地母神信仰の中心地だった地中海に面したトルコのエフェソスを訪れたことがあります。エフェソスは使徒ヨハネと聖母マリアの終焉の地とも言い伝えられています。

エフェソスは熱狂的なアルテミス信仰の中心地で紀元前7世紀から紀元3世紀にかけてエフェソスにあったアルテミス神殿は古代世界七不思議の一つでアテネのパルテノン神殿の倍近くの規模を誇っていました。女神アルテミスは地母神の神格を受け継ぐ豊穣の女神でした。

このアルテミス神殿を建設したのは武器をとって戦ったアマゾン女族という伝承があります。

アマゾン女族はディオドロスの『世界史』に「法律を定め、女たちには従軍させ、男たちには卑しい奴隷の仕事を課した。

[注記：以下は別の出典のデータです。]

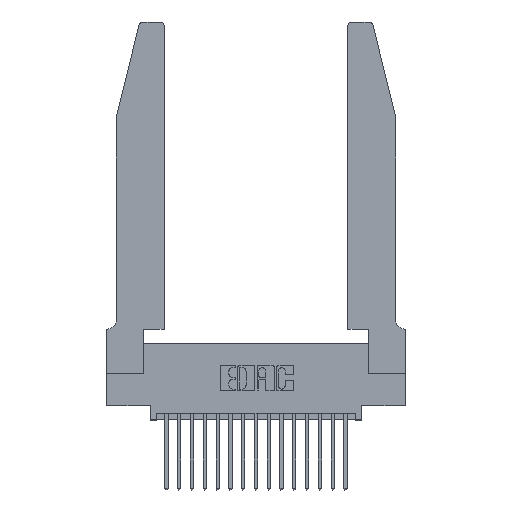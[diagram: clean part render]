
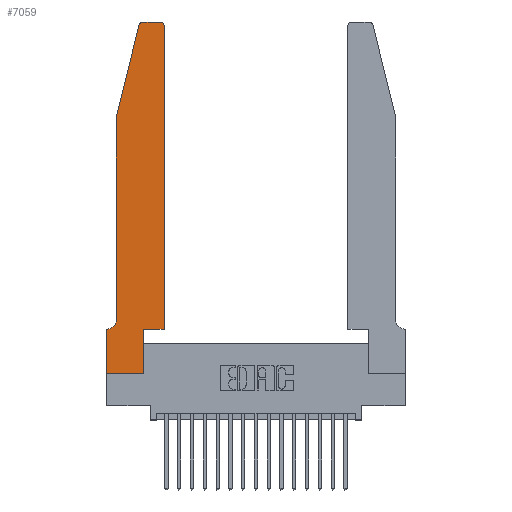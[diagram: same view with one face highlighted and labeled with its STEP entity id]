
A CAD part, top view. The second image highlights one B-rep face of the part: STEP entity #7059.
In plain terms, the highlighted planar face has unit normal (0, 0, 1).
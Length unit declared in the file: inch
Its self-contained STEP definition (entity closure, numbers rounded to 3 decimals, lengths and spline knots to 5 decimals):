
#192 = DIRECTION ( 'NONE',  ( 0., 0., -1. ) ) ;
#372 = VECTOR ( 'NONE', #6312, 39.37008 ) ;
#386 = ORIENTED_EDGE ( 'NONE', *, *, #3725, .T. ) ;
#403 = ORIENTED_EDGE ( 'NONE', *, *, #5960, .T. ) ;
#1224 = VERTEX_POINT ( 'NONE', #18246 ) ;
#1324 = VERTEX_POINT ( 'NONE', #11116 ) ;
#1552 = VECTOR ( 'NONE', #15446, 39.37008 ) ;
#1569 = AXIS2_PLACEMENT_3D ( 'NONE', #9969, #11556, #2039 ) ;
#1698 = CARTESIAN_POINT ( 'NONE',  ( 0.4505, 0.35, 0.37 ) ) ;
#1775 = CARTESIAN_POINT ( 'NONE',  ( 0.2865, 0., 0.37 ) ) ;
#2039 = DIRECTION ( 'NONE',  ( 1., 0., 0. ) ) ;
#2045 = LINE ( 'NONE', #20043, #1552 ) ;
#2422 = VECTOR ( 'NONE', #2606, 39.37008 ) ;
#2606 = DIRECTION ( 'NONE',  ( -1., 0., 0. ) ) ;
#2664 = VECTOR ( 'NONE', #13020, 39.37008 ) ;
#2762 = DIRECTION ( 'NONE',  ( 1., 0., 0. ) ) ;
#2848 = ORIENTED_EDGE ( 'NONE', *, *, #15079, .T. ) ;
#3409 = DIRECTION ( 'NONE',  ( 0., 0., 1. ) ) ;
#3725 = EDGE_CURVE ( 'NONE', #16445, #14398, #9859, .T. ) ;
#3737 = VECTOR ( 'NONE', #8734, 39.37008 ) ;
#4011 = CARTESIAN_POINT ( 'NONE',  ( 0.2865, 0.35, 0.37 ) ) ;
#4095 = DIRECTION ( 'NONE',  ( 0., 0., 1. ) ) ;
#4175 = DIRECTION ( 'NONE',  ( 0., -1., 0. ) ) ;
#4415 = CARTESIAN_POINT ( 'NONE',  ( 0.0755, 0.42, 0.37 ) ) ;
#4616 = LINE ( 'NONE', #16668, #20226 ) ;
#5134 = VERTEX_POINT ( 'NONE', #19159 ) ;
#5154 = CARTESIAN_POINT ( 'NONE',  ( 0.0755, 2., 0.37 ) ) ;
#5184 = EDGE_CURVE ( 'NONE', #5134, #1224, #17025, .T. ) ;
#5265 = DIRECTION ( 'NONE',  ( -1., 0., 0. ) ) ;
#5723 = VERTEX_POINT ( 'NONE', #14507 ) ;
#5960 = EDGE_CURVE ( 'NONE', #1324, #5134, #16267, .T. ) ;
#6312 = DIRECTION ( 'NONE',  ( 1., 0., 0. ) ) ;
#6327 = EDGE_CURVE ( 'NONE', #1224, #9928, #17684, .T. ) ;
#6934 = VECTOR ( 'NONE', #2762, 39.37008 ) ;
#7059 = ADVANCED_FACE ( 'NONE', ( #17426 ), #19196, .T. ) ;
#7334 = VERTEX_POINT ( 'NONE', #4415 ) ;
#7793 = ORIENTED_EDGE ( 'NONE', *, *, #5184, .T. ) ;
#7931 = CARTESIAN_POINT ( 'NONE',  ( 0.4505, 0.35, 0.37 ) ) ;
#7981 = LINE ( 'NONE', #14820, #3737 ) ;
#8619 = EDGE_CURVE ( 'NONE', #5723, #9762, #14736, .T. ) ;
#8734 = DIRECTION ( 'NONE',  ( 0., 1., 0. ) ) ;
#9546 = ORIENTED_EDGE ( 'NONE', *, *, #18305, .T. ) ;
#9747 = CARTESIAN_POINT ( 'NONE',  ( 0.0055, 0.42, 0.37 ) ) ;
#9762 = VERTEX_POINT ( 'NONE', #1775 ) ;
#9859 = LINE ( 'NONE', #7931, #372 ) ;
#9928 = VERTEX_POINT ( 'NONE', #17837 ) ;
#9969 = CARTESIAN_POINT ( 'NONE',  ( 0., 0.35, 0.37 ) ) ;
#10092 = EDGE_CURVE ( 'NONE', #14309, #19962, #10387, .T. ) ;
#10323 = VECTOR ( 'NONE', #18651, 39.37008 ) ;
#10387 = LINE ( 'NONE', #16715, #2422 ) ;
#10622 = AXIS2_PLACEMENT_3D ( 'NONE', #13505, #4095, #15047 ) ;
#11116 = CARTESIAN_POINT ( 'NONE',  ( 0.4505, 2.72, 0.37 ) ) ;
#11260 = VERTEX_POINT ( 'NONE', #15055 ) ;
#11330 = DIRECTION ( 'NONE',  ( -1., 0., 0. ) ) ;
#11512 = EDGE_CURVE ( 'NONE', #9928, #11260, #18494, .T. ) ;
#11543 = ORIENTED_EDGE ( 'NONE', *, *, #8619, .T. ) ;
#11556 = DIRECTION ( 'NONE',  ( 0., 0., 1. ) ) ;
#12483 = VECTOR ( 'NONE', #5265, 39.37008 ) ;
#12867 = CARTESIAN_POINT ( 'NONE',  ( 0.284, 2.72, 0.37 ) ) ;
#12969 = EDGE_LOOP ( 'NONE', ( #7793, #13895, #19595, #2848, #9546, #17817, #18962, #11543, #15611, #386, #20052, #403 ) ) ;
#13020 = DIRECTION ( 'NONE',  ( 0., -1., 0. ) ) ;
#13071 = CARTESIAN_POINT ( 'NONE',  ( 0.2605, 2.75, 0.37 ) ) ;
#13505 = CARTESIAN_POINT ( 'NONE',  ( 0.4205, 2.72, 0.37 ) ) ;
#13782 = CARTESIAN_POINT ( 'NONE',  ( 0., 0., 0.37 ) ) ;
#13895 = ORIENTED_EDGE ( 'NONE', *, *, #6327, .T. ) ;
#14042 = CARTESIAN_POINT ( 'NONE',  ( 0.0755, 2., 0.37 ) ) ;
#14089 = CIRCLE ( 'NONE', #17615, 0.07 ) ;
#14309 = VERTEX_POINT ( 'NONE', #15670 ) ;
#14392 = DIRECTION ( 'NONE',  ( 1., 0., 0. ) ) ;
#14398 = VERTEX_POINT ( 'NONE', #1698 ) ;
#14507 = CARTESIAN_POINT ( 'NONE',  ( 0., 0., 0.37 ) ) ;
#14673 = EDGE_CURVE ( 'NONE', #14398, #1324, #7981, .T. ) ;
#14736 = LINE ( 'NONE', #13782, #6934 ) ;
#14820 = CARTESIAN_POINT ( 'NONE',  ( 0.4505, 0.35, 0.37 ) ) ;
#15047 = DIRECTION ( 'NONE',  ( 1., 0., 0. ) ) ;
#15055 = CARTESIAN_POINT ( 'NONE',  ( 0.0755, 2., 0.37 ) ) ;
#15079 = EDGE_CURVE ( 'NONE', #11260, #7334, #18773, .T. ) ;
#15446 = DIRECTION ( 'NONE',  ( 0., 1., 0. ) ) ;
#15611 = ORIENTED_EDGE ( 'NONE', *, *, #17398, .T. ) ;
#15670 = CARTESIAN_POINT ( 'NONE',  ( 0.0055, 0.35, 0.37 ) ) ;
#15940 = EDGE_CURVE ( 'NONE', #19962, #5723, #4616, .T. ) ;
#16267 = CIRCLE ( 'NONE', #10622, 0.03 ) ;
#16445 = VERTEX_POINT ( 'NONE', #4011 ) ;
#16668 = CARTESIAN_POINT ( 'NONE',  ( 0., 0., 0.37 ) ) ;
#16715 = CARTESIAN_POINT ( 'NONE',  ( 0.0755, 0.35, 0.37 ) ) ;
#17025 = LINE ( 'NONE', #13071, #12483 ) ;
#17398 = EDGE_CURVE ( 'NONE', #9762, #16445, #2045, .T. ) ;
#17426 = FACE_OUTER_BOUND ( 'NONE', #12969, .T. ) ;
#17615 = AXIS2_PLACEMENT_3D ( 'NONE', #9747, #192, #11330 ) ;
#17684 = CIRCLE ( 'NONE', #18457, 0.03 ) ;
#17817 = ORIENTED_EDGE ( 'NONE', *, *, #10092, .T. ) ;
#17837 = CARTESIAN_POINT ( 'NONE',  ( 0.25487, 2.72718, 0.37 ) ) ;
#18246 = CARTESIAN_POINT ( 'NONE',  ( 0.284, 2.75, 0.37 ) ) ;
#18305 = EDGE_CURVE ( 'NONE', #7334, #14309, #14089, .T. ) ;
#18457 = AXIS2_PLACEMENT_3D ( 'NONE', #12867, #3409, #14392 ) ;
#18494 = LINE ( 'NONE', #14042, #10323 ) ;
#18651 = DIRECTION ( 'NONE',  ( -0.239, -0.971, 0. ) ) ;
#18773 = LINE ( 'NONE', #5154, #2664 ) ;
#18962 = ORIENTED_EDGE ( 'NONE', *, *, #15940, .T. ) ;
#19159 = CARTESIAN_POINT ( 'NONE',  ( 0.4205, 2.75, 0.37 ) ) ;
#19196 = PLANE ( 'NONE',  #1569 ) ;
#19277 = CARTESIAN_POINT ( 'NONE',  ( 0., 0.35, 0.37 ) ) ;
#19595 = ORIENTED_EDGE ( 'NONE', *, *, #11512, .T. ) ;
#19962 = VERTEX_POINT ( 'NONE', #19277 ) ;
#20043 = CARTESIAN_POINT ( 'NONE',  ( 0.2865, 0.35, 0.37 ) ) ;
#20052 = ORIENTED_EDGE ( 'NONE', *, *, #14673, .T. ) ;
#20226 = VECTOR ( 'NONE', #4175, 39.37008 ) ;

男児が生まれると、脚と腕を不自由にして、戦えなくし、これに対して女児は右の胸を焼かれて、大きくなったときに戦場で(右の乳房が弓を引く上で)邪魔にならないようにした。それゆえ、この民族はアマゾン(乳房がないもの)と呼ばれるようになった」とかかれています。
アマゾン女族は一般に種族保持のために、毎年、時を定めて他国を征服し男と交わり子種を得えて、生まれた子どものうち男児は殺すか障害を負わせて奴隷とするか、あるいは父親のもとに引き渡し、女児のみを後継者として育て女だけの社会を作ったと伝えられています。

アマゾン女族の原型は前7世紀からコーカサス、アナトリア、トラキア地方へ侵入し、前六世紀にはコーカサスから中央アジアを支配した遊牧スキタイ人で関連諸部族の発掘調査から騎乗の女性戦士が実在していたことが判明しています。

ギリシア人は前8世紀から前6世紀にかけて黒海沿岸に植民都市を建設して女性が騎乗して弓矢を使うスキタイ人と接触して、アマゾン女族の伝承が生まれたようです。女性がリーダーで決定権を持ち、男の軍隊と女の軍隊の両方があったようです。
アマゾン女族が生まれた男児を引き取らないのは、遊牧集団間での養子縁組のことで、民族間の友好の手段でした。障害を負わせて奴隷にする話は落馬による骨折が男子に多いことの誤解でギリシア人の誇張した脚色だったようです。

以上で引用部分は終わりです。